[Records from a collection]
====================

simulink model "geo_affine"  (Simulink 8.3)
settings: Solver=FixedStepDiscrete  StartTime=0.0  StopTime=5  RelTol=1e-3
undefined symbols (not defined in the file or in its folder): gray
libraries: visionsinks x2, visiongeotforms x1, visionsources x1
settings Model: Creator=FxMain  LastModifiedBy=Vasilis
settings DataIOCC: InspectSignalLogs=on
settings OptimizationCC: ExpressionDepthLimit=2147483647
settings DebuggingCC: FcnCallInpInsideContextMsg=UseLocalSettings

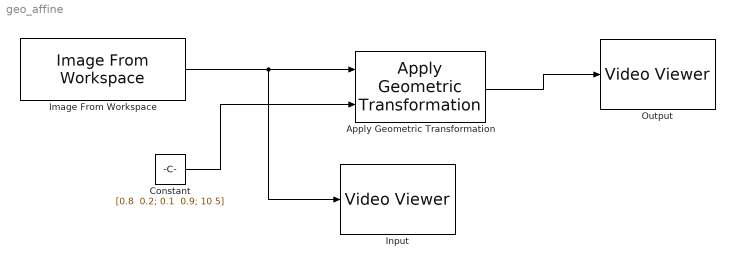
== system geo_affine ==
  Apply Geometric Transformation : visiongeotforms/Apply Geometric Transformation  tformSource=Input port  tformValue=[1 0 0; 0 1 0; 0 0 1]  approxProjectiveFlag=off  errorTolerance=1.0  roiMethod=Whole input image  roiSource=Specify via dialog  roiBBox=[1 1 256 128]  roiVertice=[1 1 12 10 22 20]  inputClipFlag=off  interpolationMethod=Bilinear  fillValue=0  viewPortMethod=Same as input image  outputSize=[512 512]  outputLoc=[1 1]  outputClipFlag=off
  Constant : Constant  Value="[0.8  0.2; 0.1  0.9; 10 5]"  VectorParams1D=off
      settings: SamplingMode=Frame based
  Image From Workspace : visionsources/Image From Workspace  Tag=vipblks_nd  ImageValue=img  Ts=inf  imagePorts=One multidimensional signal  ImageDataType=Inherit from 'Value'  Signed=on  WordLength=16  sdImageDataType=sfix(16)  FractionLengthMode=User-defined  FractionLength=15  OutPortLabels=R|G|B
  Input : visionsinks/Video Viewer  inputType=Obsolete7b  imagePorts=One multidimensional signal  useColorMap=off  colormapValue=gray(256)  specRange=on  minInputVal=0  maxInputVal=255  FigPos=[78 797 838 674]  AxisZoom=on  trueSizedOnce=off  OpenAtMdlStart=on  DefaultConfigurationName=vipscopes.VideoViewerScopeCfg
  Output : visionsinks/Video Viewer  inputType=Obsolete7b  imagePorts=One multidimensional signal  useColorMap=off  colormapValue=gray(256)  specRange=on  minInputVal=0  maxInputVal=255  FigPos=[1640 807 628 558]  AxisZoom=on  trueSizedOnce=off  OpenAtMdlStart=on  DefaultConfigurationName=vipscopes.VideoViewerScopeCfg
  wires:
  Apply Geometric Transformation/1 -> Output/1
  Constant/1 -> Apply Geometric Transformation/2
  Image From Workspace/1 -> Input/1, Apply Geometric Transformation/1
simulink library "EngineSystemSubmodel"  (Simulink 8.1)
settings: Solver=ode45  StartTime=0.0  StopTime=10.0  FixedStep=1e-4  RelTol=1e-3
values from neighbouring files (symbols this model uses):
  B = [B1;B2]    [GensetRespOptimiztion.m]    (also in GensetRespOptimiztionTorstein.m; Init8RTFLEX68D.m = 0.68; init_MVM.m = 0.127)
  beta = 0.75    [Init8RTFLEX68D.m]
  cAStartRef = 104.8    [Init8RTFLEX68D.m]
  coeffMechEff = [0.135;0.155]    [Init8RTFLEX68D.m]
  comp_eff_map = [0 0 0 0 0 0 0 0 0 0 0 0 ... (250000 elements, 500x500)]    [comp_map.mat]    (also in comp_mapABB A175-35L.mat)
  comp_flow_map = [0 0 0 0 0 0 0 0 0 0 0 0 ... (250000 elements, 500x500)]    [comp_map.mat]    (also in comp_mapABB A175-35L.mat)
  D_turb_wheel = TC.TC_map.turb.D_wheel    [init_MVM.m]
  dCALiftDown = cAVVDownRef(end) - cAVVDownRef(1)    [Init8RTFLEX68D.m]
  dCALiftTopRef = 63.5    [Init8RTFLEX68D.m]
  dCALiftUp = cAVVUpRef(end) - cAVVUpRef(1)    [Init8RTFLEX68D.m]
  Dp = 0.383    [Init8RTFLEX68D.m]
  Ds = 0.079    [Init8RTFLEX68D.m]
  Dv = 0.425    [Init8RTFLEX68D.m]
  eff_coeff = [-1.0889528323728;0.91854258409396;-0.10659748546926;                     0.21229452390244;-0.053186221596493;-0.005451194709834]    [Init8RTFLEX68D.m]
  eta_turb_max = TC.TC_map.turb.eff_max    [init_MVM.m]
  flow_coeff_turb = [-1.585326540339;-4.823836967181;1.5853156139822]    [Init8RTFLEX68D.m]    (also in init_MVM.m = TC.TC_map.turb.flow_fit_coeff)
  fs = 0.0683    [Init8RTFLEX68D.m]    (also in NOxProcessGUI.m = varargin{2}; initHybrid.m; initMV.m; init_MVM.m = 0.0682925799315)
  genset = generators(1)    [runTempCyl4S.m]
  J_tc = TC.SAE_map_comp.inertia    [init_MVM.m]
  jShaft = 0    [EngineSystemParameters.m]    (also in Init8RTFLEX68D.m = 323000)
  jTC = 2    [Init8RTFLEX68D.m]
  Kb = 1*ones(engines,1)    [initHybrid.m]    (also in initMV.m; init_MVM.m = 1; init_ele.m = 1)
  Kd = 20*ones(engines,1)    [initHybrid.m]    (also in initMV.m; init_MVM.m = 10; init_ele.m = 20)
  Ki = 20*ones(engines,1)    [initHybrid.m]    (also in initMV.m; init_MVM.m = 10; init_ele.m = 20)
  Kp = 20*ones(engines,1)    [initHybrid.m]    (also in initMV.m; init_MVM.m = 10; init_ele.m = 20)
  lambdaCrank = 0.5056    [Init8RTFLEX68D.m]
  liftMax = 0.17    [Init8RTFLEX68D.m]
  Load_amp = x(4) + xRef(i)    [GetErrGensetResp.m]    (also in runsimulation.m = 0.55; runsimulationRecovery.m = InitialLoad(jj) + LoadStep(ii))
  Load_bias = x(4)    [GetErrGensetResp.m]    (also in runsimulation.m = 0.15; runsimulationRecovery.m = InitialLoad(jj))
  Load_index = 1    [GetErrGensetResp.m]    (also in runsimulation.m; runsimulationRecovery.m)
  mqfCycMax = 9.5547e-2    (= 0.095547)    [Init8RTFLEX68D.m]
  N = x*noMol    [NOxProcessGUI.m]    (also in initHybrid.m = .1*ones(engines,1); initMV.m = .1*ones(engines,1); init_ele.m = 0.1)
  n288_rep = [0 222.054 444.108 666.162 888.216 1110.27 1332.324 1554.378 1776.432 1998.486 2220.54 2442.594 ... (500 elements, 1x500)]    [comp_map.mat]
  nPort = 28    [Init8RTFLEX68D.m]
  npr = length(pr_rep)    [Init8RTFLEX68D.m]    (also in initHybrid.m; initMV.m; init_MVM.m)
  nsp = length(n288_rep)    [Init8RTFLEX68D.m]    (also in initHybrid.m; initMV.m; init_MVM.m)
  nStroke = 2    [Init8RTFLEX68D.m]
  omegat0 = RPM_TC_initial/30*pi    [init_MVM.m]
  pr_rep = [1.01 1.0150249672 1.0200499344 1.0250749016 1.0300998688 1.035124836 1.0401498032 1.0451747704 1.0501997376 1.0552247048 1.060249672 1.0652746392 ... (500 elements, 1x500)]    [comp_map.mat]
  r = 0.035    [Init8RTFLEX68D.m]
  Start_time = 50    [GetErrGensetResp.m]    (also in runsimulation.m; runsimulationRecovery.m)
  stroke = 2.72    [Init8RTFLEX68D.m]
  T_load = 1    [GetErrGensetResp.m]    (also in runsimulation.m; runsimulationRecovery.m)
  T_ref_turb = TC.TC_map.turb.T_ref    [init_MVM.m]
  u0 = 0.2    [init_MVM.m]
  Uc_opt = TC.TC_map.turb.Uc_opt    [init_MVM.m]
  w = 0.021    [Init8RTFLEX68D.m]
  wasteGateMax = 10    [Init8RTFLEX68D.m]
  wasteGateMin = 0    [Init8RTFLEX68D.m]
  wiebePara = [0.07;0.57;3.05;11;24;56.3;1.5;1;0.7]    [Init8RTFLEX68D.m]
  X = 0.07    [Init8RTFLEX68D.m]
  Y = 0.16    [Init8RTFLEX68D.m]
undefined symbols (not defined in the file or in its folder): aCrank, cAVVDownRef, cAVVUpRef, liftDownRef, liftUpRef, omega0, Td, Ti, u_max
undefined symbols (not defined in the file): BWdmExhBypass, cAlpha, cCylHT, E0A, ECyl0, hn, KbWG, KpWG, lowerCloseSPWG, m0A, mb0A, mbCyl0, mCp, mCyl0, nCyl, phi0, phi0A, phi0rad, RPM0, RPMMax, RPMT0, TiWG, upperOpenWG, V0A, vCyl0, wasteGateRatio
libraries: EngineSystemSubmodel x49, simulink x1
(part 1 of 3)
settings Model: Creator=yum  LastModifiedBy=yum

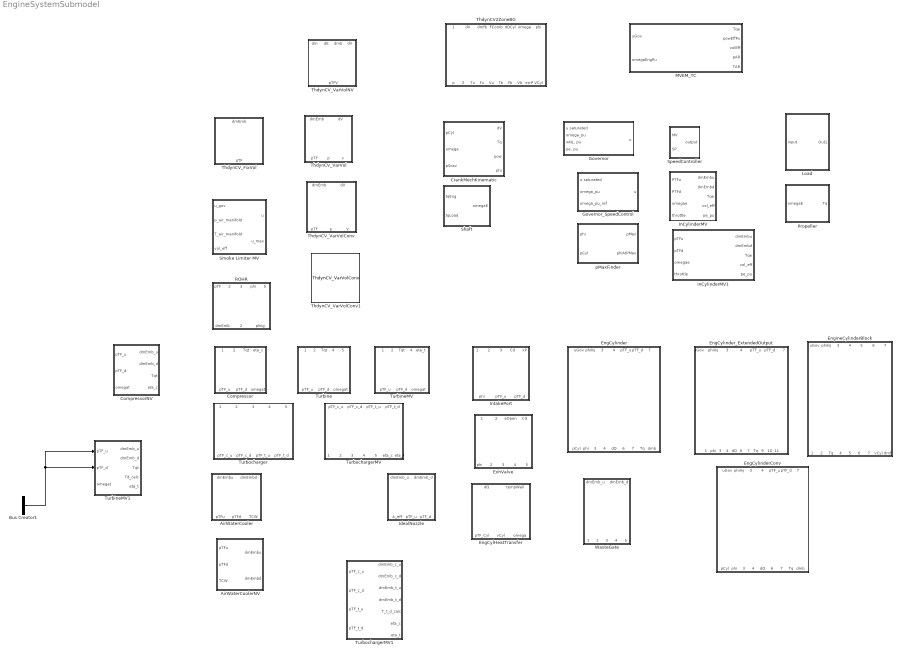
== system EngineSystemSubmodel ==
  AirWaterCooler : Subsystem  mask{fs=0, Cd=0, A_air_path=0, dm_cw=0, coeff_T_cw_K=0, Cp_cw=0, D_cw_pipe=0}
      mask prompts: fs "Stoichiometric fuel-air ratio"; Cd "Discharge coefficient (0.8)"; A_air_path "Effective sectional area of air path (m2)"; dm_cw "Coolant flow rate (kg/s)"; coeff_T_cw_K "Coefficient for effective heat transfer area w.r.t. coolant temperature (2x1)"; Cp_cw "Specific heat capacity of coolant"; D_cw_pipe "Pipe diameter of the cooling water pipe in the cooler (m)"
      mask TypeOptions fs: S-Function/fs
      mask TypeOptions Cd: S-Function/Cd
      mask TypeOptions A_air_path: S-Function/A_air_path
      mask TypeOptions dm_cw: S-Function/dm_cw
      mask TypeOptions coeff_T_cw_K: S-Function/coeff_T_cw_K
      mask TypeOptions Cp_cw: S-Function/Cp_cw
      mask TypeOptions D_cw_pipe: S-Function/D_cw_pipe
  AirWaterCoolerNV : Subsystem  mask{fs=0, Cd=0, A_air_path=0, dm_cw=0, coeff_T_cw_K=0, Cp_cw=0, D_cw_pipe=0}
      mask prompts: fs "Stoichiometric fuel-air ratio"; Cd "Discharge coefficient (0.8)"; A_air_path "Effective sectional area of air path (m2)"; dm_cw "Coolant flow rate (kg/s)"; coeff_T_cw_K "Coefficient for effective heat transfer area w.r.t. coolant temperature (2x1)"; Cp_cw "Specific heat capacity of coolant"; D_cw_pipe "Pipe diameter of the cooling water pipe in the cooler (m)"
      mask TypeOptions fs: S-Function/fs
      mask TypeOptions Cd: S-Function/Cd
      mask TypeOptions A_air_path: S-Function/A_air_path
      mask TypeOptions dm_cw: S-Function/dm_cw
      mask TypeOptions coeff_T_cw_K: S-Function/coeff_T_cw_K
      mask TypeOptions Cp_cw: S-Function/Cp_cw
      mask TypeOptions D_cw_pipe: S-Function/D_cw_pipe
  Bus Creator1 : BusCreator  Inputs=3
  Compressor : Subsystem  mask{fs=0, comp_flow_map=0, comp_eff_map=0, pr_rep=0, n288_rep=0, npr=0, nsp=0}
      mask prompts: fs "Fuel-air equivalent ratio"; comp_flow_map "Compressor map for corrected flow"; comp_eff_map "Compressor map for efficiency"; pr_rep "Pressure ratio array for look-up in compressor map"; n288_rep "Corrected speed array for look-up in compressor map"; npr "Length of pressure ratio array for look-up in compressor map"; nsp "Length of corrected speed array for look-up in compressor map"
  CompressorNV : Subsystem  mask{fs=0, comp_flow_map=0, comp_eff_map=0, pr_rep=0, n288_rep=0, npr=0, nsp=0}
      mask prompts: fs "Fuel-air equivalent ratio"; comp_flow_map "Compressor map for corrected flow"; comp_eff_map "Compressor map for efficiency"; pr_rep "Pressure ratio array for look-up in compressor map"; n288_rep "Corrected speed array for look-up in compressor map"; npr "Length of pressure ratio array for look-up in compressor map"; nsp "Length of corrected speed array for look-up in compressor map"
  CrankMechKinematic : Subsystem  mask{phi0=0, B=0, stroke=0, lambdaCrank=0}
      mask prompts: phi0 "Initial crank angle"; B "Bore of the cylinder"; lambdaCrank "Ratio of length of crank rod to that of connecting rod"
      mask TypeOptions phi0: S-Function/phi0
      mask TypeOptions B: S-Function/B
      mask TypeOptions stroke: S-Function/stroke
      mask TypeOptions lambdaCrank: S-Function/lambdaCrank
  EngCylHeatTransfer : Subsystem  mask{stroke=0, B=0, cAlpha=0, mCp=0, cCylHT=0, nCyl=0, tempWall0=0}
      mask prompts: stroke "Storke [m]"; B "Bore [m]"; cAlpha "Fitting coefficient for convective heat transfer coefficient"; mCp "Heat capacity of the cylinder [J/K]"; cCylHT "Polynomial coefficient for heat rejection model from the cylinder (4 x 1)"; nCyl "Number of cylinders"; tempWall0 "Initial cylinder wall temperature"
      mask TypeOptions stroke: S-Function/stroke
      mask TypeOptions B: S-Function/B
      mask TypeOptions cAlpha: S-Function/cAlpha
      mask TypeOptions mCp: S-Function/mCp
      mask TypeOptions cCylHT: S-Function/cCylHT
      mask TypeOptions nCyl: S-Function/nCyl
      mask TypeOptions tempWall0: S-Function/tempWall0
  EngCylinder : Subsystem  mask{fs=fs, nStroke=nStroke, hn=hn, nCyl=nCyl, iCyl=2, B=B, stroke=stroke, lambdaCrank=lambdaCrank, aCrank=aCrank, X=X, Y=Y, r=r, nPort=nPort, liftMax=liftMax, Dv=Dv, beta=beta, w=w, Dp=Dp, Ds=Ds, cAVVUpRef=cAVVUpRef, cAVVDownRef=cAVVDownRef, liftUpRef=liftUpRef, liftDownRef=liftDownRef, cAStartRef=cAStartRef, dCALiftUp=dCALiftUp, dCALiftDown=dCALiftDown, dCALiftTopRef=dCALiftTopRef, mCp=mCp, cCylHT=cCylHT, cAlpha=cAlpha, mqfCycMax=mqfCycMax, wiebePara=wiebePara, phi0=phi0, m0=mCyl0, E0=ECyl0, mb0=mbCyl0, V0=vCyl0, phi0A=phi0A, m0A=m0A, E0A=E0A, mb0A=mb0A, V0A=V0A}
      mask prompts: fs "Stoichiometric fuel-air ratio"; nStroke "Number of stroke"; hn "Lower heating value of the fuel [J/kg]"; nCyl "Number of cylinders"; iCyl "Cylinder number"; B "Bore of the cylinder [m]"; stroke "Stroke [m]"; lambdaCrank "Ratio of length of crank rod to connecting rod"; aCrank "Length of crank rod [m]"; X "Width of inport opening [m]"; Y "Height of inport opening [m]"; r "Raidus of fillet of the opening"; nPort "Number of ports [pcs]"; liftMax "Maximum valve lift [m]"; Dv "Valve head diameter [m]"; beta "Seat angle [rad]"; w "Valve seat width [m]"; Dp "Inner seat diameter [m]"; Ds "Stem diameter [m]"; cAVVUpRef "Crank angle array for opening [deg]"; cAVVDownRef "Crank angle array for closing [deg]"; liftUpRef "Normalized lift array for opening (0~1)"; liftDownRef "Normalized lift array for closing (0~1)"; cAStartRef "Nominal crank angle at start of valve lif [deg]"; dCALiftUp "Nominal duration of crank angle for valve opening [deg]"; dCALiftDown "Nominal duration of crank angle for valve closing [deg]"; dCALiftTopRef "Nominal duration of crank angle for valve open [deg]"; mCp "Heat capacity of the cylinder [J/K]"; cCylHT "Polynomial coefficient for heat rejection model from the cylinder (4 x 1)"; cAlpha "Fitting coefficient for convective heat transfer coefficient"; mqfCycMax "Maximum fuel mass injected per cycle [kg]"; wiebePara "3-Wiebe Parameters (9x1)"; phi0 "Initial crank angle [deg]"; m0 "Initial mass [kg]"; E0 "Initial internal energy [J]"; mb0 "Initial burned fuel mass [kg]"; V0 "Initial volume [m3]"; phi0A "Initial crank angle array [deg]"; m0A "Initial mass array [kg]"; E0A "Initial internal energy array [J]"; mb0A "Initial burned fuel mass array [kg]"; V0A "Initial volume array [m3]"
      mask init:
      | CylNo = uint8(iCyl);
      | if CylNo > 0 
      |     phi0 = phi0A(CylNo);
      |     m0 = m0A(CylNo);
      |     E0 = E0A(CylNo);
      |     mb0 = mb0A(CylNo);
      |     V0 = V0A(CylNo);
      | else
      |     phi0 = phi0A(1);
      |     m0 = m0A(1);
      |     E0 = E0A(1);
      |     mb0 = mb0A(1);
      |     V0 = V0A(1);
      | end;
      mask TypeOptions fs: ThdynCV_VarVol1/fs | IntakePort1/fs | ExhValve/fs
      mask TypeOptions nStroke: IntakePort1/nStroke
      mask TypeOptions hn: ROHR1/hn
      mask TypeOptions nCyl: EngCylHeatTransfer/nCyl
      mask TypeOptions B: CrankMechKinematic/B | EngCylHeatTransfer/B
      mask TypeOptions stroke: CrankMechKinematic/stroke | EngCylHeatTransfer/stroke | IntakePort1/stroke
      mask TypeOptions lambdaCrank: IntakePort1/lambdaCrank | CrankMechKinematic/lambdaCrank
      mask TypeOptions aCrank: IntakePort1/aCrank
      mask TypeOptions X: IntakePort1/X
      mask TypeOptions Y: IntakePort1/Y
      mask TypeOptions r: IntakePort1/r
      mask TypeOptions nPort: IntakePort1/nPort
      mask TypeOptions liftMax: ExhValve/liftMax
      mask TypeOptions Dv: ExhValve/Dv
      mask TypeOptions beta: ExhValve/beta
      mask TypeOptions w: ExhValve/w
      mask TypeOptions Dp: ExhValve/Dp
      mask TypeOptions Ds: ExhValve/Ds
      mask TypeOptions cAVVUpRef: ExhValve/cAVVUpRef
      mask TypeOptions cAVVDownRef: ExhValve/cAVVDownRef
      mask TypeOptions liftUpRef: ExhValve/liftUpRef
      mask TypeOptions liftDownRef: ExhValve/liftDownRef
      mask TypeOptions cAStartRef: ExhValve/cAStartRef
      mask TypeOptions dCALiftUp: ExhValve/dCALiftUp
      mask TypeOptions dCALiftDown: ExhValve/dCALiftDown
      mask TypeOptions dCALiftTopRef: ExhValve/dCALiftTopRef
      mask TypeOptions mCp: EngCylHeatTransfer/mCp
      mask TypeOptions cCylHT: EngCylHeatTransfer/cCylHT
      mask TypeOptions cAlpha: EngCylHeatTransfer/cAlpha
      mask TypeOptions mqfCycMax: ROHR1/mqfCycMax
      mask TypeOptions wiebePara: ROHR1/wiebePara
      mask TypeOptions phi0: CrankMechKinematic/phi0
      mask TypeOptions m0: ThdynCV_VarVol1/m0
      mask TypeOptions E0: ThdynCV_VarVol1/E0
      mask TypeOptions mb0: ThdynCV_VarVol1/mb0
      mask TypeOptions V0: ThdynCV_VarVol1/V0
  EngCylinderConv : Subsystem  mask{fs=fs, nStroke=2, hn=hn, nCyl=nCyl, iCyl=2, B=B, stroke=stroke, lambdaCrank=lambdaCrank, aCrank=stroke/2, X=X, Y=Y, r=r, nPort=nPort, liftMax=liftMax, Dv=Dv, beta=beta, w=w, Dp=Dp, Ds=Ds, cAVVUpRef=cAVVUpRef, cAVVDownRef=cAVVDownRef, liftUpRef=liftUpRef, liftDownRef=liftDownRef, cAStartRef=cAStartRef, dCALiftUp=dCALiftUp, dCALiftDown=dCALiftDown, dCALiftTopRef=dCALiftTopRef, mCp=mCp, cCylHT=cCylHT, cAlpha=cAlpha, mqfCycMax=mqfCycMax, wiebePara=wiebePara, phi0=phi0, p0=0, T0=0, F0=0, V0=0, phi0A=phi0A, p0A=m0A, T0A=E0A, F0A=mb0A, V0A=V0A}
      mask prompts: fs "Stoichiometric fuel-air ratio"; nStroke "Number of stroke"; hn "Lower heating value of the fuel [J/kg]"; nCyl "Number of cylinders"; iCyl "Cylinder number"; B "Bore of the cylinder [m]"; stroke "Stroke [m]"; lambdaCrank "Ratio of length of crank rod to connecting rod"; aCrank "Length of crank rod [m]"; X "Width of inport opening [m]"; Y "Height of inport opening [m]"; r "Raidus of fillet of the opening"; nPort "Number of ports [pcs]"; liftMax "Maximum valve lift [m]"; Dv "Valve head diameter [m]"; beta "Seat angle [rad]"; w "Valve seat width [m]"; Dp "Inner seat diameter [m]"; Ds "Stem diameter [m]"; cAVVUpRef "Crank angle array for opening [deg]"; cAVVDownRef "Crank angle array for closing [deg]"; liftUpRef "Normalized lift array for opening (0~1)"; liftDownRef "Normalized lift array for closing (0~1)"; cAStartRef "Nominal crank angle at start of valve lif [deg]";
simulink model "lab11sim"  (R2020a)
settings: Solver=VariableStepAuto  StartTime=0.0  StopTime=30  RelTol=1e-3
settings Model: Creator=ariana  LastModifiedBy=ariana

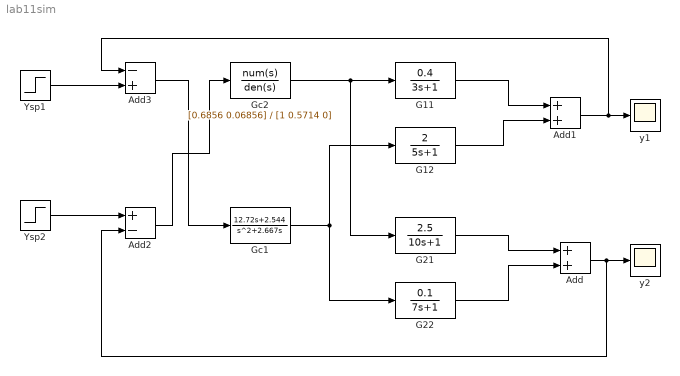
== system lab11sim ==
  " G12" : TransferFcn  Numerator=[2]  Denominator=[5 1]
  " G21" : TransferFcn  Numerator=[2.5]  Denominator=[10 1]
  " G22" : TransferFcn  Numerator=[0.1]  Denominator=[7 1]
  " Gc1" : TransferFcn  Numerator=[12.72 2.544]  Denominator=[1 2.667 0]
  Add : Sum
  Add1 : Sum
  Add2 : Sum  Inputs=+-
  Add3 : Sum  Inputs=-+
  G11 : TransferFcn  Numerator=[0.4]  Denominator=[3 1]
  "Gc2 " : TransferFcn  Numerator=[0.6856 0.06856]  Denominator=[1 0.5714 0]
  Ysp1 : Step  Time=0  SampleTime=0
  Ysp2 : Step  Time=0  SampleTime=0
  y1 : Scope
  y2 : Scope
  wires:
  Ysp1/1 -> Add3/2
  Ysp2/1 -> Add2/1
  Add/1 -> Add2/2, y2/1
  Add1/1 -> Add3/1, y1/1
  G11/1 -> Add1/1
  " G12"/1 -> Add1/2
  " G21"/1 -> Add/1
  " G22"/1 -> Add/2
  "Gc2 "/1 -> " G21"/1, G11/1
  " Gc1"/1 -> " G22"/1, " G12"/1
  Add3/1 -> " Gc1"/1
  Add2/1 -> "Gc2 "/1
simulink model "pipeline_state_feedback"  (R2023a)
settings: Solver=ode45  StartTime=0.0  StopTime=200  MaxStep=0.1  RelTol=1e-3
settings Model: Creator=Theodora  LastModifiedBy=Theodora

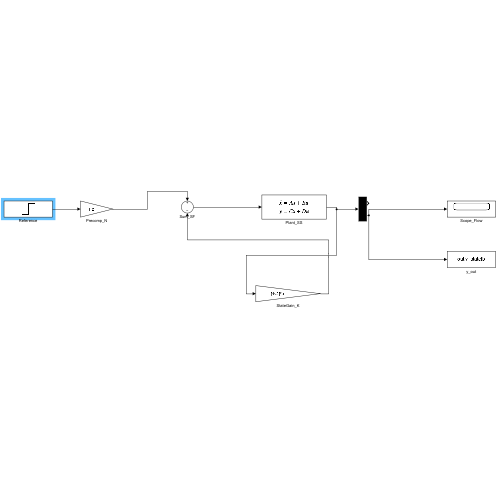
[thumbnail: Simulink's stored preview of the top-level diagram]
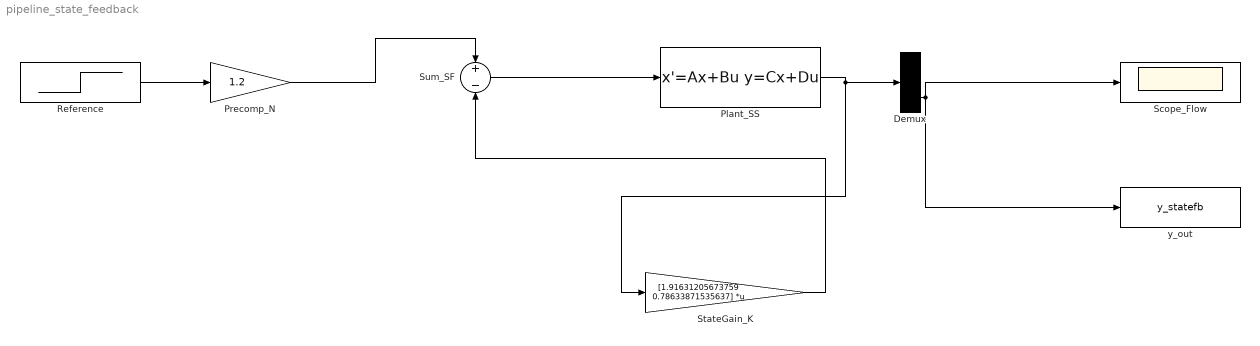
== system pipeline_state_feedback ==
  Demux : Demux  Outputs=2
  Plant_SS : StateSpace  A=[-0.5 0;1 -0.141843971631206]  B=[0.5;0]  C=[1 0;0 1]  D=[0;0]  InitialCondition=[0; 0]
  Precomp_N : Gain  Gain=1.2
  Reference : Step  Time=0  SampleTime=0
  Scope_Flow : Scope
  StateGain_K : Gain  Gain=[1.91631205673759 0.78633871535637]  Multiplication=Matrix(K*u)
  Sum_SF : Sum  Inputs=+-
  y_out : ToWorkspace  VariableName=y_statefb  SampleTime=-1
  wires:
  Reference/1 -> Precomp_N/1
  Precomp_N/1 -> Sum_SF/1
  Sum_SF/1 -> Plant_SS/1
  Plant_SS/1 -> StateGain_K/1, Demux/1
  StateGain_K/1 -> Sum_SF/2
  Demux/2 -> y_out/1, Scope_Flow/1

====================

The answer must consist of each line from the data that includes the string "trueSizedOnce".

  Input : visionsinks/Video Viewer  inputType=Obsolete7b  imagePorts=One multidimensional signal  useColorMap=off  colormapValue=gray(256)  specRange=on  minInputVal=0  maxInputVal=255  FigPos=[78 797 838 674]  AxisZoom=on  trueSizedOnce=off  OpenAtMdlStart=on  DefaultConfigurationName=vipscopes.VideoViewerScopeCfg
  Output : visionsinks/Video Viewer  inputType=Obsolete7b  imagePorts=One multidimensional signal  useColorMap=off  colormapValue=gray(256)  specRange=on  minInputVal=0  maxInputVal=255  FigPos=[1640 807 628 558]  AxisZoom=on  trueSizedOnce=off  OpenAtMdlStart=on  DefaultConfigurationName=vipscopes.VideoViewerScopeCfg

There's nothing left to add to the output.